# 16.1hh Chestnut Mare By DOUBLE TRIGGER



## Lisamd (21 November 2011)

I bought this mare in 2005 (I think) as a 3 year old from her breeder. She was full TB by Double Trigger. I sold her about 18 mth later to John Winnett at Canal Grove Stables, Leighton Buzzard due to financial situation where I split with my partner and needed money to finance the house purchase and could only keep one horse. I wasn't happy about her going to a dealer but it was a forced sale.

Anyhow about 5 mths later I had a call from a girl called Georgina ??? (can't remember her surname) who had bought her and traced her back to me via contacting the breeder who gave her my details as I bought her direct. We talked and discovered this little mare had had a rough time in the few months she had left me. Georgina had bought her from 2 girls who shared her and said they had owned her for 2 years and had to sell as one of them had had a baby. Anyway we pieced together our stories and I could account for lumps and bumps and her quirks.
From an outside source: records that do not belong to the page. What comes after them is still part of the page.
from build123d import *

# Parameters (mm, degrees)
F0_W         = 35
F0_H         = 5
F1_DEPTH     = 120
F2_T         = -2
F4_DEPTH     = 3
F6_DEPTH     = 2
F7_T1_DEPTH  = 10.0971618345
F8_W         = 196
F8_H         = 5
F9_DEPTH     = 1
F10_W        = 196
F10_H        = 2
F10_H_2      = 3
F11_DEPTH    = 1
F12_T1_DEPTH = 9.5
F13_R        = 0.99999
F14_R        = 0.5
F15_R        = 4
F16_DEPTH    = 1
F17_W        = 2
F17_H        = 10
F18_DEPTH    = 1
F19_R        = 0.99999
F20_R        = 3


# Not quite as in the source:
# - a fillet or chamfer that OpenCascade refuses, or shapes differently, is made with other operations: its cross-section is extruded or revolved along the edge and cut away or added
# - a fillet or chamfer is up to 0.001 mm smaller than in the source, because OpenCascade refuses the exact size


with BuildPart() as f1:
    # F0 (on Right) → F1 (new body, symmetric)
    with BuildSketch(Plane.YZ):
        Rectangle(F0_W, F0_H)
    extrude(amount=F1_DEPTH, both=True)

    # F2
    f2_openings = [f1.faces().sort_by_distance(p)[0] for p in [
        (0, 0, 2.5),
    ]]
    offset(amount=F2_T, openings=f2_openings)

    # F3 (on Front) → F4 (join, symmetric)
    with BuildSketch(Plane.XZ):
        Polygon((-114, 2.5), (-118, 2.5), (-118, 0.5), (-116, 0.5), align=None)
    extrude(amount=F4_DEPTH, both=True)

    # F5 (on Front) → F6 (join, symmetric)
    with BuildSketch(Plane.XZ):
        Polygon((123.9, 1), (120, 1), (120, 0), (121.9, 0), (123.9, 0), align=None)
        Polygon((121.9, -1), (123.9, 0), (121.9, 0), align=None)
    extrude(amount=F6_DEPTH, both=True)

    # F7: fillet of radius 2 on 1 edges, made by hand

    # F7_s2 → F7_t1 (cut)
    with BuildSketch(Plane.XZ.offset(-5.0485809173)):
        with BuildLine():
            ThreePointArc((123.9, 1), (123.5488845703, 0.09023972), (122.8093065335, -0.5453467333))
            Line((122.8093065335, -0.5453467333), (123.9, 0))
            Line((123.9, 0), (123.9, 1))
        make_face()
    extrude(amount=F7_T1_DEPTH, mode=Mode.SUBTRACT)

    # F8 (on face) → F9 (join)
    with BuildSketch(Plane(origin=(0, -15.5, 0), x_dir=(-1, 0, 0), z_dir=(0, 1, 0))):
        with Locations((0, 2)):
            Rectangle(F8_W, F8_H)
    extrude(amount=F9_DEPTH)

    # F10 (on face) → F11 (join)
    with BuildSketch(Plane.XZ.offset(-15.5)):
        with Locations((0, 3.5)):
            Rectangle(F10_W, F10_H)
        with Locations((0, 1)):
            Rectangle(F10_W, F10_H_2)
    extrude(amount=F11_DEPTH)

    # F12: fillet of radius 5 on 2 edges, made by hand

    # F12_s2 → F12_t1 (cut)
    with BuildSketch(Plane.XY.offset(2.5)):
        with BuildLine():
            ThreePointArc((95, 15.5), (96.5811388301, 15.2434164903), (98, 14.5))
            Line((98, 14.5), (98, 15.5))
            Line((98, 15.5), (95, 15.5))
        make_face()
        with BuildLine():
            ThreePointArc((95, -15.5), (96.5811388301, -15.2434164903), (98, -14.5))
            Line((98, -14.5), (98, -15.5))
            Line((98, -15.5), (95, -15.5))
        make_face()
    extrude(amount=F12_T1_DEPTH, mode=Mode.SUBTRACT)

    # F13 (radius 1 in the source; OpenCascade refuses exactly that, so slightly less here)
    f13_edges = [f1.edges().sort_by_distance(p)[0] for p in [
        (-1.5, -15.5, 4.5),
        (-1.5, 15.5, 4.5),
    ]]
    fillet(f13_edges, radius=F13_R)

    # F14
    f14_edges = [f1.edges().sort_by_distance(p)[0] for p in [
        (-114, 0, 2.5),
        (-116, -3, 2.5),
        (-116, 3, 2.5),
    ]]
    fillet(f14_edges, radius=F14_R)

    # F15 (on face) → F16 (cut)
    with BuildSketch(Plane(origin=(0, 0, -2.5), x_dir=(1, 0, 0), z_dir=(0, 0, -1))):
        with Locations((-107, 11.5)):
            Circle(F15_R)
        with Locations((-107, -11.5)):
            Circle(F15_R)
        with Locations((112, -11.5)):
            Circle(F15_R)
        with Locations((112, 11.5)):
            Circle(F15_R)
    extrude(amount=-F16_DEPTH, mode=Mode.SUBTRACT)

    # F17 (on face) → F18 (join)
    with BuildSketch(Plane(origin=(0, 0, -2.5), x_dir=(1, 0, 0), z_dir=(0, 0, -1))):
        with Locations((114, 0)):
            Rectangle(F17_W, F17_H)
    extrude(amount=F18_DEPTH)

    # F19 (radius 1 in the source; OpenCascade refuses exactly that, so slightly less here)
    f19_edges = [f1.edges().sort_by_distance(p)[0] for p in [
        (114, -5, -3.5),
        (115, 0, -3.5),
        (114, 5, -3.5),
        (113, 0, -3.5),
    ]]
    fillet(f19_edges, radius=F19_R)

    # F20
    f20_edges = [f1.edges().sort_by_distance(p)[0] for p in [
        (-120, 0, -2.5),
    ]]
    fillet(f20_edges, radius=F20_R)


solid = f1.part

I went to visit her near Birmingham one Feb, I think 2007 and she was flourishing in her new home and looked amazing. I have since lost contact with Georgina, I did email her a few times but had no further response and am just wondering what became of this lovely little horse? 

When I bought her she was called Stretch, I named her Willow and she was sold on as Twix. She could be nappy and have a little rear but was as sweet as anything to handle. She has a lump on her front off side pastern where she severed the main artery to her hoof.
She had a white blaze and 2 white socks behind.

Anyone recognised her or know anything good or bad?


----------